■ Exercise ■
Quote the data exactly, first line to the line containing "#3=PRODUCT_CONTEXT('',#1,'mechanical');", with no pictures.

■ Entries supplied ■
__________________________________________________

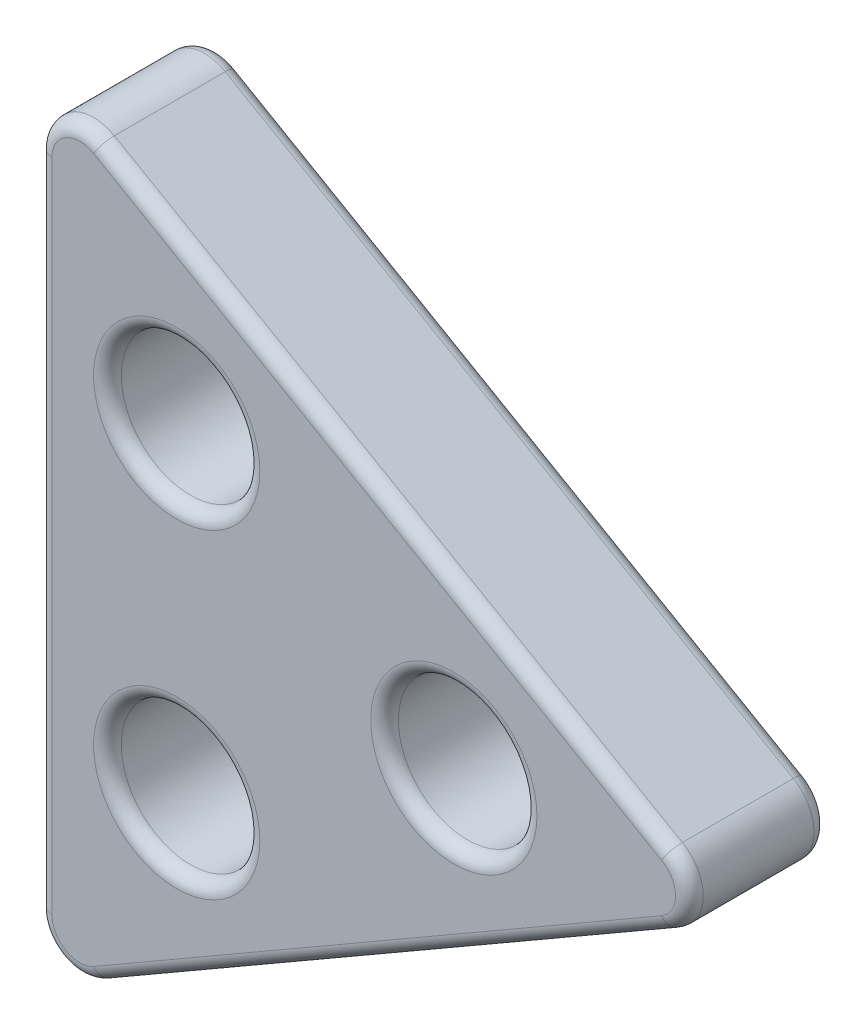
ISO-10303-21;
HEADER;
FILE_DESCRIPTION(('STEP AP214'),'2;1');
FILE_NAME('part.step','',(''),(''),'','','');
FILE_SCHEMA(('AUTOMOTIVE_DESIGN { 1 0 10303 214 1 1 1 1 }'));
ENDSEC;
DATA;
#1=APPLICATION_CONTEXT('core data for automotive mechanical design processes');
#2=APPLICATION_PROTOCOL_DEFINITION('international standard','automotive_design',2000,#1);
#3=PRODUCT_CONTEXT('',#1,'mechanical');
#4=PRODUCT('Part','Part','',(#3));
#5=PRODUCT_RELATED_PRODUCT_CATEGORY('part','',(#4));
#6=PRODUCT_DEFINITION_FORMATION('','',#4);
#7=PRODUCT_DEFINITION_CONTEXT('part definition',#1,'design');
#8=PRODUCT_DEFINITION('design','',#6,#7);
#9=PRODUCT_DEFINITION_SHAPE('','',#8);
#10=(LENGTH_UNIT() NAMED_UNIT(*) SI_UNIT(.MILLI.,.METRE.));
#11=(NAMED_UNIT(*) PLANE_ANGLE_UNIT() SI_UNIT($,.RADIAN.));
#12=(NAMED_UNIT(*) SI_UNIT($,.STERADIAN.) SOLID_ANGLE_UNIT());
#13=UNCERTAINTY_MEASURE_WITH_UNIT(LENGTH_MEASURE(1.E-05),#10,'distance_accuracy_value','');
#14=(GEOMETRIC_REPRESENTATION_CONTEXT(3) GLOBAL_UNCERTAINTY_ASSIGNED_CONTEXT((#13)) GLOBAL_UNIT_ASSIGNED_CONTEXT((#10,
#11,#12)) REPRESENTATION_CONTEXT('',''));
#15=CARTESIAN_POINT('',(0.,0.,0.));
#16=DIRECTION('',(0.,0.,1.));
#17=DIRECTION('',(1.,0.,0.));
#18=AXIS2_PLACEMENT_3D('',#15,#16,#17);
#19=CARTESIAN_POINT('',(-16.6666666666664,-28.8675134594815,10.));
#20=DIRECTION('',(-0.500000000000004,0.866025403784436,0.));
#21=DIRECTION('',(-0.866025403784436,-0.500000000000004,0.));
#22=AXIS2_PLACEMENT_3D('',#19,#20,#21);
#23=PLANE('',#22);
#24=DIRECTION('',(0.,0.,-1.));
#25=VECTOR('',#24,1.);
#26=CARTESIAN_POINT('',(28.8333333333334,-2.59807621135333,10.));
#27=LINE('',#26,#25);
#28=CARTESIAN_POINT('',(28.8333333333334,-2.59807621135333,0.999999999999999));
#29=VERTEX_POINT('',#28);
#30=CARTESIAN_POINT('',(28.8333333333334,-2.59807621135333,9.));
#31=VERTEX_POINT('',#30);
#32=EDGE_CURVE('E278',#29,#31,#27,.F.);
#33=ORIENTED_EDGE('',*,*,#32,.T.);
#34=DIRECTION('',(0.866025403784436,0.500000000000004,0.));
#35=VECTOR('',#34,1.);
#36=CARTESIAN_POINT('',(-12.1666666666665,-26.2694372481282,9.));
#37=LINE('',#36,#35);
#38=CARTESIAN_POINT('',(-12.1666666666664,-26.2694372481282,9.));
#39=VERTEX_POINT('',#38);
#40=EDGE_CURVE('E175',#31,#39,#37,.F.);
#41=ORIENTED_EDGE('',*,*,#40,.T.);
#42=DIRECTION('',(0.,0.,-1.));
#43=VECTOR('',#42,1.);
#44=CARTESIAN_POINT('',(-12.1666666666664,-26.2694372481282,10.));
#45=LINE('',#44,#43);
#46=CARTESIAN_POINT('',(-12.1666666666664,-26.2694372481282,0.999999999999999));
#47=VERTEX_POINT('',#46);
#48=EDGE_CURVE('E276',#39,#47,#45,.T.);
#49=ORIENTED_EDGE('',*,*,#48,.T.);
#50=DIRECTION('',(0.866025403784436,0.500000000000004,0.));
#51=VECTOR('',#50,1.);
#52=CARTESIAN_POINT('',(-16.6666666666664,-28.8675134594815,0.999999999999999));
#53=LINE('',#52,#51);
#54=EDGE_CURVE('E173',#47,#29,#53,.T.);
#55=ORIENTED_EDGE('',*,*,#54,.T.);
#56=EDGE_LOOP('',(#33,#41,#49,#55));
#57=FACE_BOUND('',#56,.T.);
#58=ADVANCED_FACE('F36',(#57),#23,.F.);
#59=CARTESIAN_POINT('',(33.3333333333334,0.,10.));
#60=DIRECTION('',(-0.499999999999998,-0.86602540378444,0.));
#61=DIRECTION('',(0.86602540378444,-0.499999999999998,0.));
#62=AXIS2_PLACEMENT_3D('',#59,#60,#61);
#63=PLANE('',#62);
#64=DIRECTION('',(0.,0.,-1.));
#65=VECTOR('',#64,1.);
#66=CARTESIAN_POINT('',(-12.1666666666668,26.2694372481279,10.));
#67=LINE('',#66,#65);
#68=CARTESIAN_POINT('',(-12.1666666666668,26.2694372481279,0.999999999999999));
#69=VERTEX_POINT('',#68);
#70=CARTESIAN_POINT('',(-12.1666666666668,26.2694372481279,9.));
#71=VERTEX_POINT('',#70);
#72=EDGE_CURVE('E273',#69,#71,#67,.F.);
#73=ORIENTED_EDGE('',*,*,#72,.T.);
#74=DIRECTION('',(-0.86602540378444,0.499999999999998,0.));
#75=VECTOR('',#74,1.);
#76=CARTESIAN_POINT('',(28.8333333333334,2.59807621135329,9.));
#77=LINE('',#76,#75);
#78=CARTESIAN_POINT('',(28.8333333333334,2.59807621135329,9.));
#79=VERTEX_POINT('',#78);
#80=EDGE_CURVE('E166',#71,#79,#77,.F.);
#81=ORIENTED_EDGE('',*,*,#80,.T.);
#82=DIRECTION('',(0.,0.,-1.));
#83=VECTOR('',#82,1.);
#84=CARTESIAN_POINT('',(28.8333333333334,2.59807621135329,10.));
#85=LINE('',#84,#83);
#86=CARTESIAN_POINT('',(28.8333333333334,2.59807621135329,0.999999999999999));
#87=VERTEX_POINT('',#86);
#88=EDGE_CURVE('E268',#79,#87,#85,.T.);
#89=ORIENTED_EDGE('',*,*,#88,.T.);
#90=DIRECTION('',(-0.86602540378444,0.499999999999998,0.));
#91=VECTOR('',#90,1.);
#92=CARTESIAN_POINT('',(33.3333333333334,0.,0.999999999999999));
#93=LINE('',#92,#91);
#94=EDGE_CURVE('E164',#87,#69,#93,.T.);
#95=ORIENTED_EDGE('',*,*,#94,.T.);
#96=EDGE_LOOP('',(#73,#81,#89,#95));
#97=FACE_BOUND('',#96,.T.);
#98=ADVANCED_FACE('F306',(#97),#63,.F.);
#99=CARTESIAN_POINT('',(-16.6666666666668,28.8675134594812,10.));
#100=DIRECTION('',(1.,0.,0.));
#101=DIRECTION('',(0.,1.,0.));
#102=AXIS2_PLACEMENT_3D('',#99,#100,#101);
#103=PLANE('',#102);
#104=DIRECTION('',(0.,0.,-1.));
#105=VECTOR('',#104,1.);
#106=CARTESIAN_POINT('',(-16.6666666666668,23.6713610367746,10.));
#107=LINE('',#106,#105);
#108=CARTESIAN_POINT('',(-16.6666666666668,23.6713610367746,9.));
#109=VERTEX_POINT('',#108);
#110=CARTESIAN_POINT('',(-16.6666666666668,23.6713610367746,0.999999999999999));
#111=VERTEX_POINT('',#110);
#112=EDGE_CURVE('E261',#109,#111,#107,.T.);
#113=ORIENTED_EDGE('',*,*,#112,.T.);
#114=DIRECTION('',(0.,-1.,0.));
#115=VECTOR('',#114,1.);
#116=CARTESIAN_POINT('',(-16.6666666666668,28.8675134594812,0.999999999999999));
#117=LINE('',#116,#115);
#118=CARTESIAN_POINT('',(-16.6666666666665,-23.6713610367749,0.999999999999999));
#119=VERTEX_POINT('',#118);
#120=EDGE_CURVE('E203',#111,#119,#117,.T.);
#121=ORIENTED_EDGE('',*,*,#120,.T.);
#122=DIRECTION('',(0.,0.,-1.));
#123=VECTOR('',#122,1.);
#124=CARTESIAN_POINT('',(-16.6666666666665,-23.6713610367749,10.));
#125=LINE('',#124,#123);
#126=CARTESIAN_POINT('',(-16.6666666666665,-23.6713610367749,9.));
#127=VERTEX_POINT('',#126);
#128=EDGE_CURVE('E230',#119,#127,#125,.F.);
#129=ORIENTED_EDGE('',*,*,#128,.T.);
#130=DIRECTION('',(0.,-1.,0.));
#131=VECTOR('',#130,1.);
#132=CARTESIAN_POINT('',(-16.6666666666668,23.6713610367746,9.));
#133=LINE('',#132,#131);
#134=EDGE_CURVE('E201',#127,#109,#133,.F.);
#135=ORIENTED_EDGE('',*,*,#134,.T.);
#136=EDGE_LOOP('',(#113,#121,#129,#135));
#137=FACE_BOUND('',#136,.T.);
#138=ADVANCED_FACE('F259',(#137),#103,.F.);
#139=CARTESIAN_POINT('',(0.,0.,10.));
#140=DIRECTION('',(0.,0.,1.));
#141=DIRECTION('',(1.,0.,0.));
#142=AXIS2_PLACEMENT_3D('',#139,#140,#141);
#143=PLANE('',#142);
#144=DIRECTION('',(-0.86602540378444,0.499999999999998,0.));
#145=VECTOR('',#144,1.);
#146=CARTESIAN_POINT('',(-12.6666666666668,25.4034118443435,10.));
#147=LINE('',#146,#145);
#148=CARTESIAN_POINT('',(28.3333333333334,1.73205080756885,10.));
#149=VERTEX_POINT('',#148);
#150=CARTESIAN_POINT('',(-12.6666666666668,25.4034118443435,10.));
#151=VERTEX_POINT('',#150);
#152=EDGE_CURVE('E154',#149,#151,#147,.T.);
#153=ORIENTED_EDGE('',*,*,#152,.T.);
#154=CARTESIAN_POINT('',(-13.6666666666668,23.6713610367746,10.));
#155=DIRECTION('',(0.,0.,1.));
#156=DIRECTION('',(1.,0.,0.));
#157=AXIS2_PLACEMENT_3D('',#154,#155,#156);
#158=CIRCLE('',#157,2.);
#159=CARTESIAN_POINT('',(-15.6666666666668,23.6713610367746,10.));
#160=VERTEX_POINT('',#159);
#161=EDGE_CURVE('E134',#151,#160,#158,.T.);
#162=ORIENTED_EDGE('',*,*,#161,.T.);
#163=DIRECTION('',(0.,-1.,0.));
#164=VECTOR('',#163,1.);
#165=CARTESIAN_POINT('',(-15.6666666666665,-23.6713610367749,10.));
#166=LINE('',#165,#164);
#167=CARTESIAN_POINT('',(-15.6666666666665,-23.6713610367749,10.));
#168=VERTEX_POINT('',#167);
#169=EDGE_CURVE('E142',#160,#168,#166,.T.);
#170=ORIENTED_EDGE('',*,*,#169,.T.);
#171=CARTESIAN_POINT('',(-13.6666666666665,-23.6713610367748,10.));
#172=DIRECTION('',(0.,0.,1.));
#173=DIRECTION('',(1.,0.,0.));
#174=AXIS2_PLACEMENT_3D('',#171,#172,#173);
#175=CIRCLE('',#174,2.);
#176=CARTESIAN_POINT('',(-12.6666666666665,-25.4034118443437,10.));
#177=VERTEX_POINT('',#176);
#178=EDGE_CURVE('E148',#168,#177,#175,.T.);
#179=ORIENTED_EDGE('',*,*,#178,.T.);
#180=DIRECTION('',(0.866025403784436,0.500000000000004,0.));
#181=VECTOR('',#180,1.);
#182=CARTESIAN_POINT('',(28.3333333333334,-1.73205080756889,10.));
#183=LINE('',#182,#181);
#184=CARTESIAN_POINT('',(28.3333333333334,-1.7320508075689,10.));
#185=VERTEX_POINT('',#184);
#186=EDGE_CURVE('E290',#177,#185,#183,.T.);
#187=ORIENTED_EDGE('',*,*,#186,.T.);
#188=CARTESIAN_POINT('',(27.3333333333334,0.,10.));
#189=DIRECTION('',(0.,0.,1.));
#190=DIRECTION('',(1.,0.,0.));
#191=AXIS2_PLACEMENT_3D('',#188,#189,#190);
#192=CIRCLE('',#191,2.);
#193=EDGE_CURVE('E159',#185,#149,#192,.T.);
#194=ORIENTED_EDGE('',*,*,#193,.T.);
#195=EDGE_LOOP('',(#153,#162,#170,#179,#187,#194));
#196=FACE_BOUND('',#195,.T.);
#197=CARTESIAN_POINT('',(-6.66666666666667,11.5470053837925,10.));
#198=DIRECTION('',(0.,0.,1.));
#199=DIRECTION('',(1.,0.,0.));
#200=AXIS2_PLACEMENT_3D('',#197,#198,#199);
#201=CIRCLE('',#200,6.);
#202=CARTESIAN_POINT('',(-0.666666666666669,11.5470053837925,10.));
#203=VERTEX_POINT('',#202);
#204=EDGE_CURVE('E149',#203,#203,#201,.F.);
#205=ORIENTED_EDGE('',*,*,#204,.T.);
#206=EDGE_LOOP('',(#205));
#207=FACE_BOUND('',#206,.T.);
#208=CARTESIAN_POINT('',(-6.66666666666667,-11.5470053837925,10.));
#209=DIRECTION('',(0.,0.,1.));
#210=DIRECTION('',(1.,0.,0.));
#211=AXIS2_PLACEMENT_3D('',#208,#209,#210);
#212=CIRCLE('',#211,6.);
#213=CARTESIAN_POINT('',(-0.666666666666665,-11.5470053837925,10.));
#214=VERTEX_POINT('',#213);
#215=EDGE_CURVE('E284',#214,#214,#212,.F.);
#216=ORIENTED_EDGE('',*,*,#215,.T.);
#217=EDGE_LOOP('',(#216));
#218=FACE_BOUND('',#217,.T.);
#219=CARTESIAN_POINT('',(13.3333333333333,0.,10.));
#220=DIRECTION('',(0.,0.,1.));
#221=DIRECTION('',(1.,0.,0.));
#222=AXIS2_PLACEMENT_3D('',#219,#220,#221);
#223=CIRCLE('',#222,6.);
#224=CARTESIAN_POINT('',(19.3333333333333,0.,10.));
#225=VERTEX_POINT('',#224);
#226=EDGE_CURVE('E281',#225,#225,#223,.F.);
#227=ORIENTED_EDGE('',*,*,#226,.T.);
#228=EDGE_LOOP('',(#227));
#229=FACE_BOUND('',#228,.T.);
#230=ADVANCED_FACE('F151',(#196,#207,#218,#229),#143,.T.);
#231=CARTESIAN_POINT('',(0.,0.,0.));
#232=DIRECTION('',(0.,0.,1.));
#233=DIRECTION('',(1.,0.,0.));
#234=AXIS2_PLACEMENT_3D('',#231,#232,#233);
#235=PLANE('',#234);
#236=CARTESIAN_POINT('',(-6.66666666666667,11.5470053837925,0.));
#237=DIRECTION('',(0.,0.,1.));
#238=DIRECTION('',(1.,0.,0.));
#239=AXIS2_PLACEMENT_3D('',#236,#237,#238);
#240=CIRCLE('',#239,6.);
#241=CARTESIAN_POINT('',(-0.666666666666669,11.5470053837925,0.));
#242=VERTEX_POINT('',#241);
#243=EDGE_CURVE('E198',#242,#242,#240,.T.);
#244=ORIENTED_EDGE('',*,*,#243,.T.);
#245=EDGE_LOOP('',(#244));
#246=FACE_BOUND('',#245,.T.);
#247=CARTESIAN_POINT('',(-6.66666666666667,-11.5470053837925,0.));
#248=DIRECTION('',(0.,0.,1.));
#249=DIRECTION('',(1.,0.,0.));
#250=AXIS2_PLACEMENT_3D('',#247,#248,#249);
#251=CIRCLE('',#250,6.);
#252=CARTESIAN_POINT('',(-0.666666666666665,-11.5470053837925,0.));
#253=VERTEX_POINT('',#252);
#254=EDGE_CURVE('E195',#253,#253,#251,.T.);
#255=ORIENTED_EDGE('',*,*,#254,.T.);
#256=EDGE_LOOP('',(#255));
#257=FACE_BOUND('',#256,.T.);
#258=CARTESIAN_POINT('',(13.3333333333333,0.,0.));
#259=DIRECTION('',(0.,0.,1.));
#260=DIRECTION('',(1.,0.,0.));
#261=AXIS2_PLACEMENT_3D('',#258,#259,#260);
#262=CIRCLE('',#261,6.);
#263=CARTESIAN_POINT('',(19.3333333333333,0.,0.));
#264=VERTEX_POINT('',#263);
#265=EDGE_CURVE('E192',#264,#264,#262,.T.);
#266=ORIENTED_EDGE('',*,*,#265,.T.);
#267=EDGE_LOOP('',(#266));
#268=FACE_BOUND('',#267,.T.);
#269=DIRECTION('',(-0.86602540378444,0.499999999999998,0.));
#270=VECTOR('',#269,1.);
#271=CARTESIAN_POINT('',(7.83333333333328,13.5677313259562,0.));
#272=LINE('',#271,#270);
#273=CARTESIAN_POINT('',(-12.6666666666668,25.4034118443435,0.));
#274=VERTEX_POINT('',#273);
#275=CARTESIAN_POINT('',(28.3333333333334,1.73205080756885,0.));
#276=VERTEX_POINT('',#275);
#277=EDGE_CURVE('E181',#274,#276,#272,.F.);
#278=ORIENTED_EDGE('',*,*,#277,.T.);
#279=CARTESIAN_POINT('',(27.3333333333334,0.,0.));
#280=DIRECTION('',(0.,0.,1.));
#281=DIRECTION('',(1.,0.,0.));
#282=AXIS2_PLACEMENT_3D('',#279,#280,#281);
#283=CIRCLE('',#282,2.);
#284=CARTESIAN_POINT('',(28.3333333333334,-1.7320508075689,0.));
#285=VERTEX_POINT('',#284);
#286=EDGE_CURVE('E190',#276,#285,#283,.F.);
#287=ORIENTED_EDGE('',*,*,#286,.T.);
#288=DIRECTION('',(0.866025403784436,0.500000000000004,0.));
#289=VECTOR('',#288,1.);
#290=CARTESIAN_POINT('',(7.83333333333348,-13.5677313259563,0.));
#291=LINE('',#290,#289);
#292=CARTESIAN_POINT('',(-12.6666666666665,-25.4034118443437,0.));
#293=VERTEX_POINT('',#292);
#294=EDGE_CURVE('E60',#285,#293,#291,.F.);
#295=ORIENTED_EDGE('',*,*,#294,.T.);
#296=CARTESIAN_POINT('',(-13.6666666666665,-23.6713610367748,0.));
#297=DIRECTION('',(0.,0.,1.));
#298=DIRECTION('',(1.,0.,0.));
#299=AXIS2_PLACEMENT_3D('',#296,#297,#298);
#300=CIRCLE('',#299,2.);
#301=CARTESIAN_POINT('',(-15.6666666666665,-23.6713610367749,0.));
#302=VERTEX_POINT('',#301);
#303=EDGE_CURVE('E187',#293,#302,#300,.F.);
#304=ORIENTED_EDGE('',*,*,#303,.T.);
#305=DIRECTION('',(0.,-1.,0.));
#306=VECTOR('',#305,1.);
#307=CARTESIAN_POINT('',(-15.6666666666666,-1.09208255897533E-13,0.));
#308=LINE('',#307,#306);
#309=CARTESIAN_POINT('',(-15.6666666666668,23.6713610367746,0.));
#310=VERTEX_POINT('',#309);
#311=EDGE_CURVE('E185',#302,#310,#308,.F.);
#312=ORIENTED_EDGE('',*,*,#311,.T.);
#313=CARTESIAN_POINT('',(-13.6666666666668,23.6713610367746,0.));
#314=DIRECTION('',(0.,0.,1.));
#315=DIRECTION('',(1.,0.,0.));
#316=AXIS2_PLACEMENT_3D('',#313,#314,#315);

__________________________________________________

■ Solution to this task ■
ISO-10303-21;
HEADER;
FILE_DESCRIPTION(('STEP AP214'),'2;1');
FILE_NAME('part.step','',(''),(''),'','','');
FILE_SCHEMA(('AUTOMOTIVE_DESIGN { 1 0 10303 214 1 1 1 1 }'));
ENDSEC;
DATA;
#1=APPLICATION_CONTEXT('core data for automotive mechanical design processes');
#2=APPLICATION_PROTOCOL_DEFINITION('international standard','automotive_design',2000,#1);
#3=PRODUCT_CONTEXT('',#1,'mechanical');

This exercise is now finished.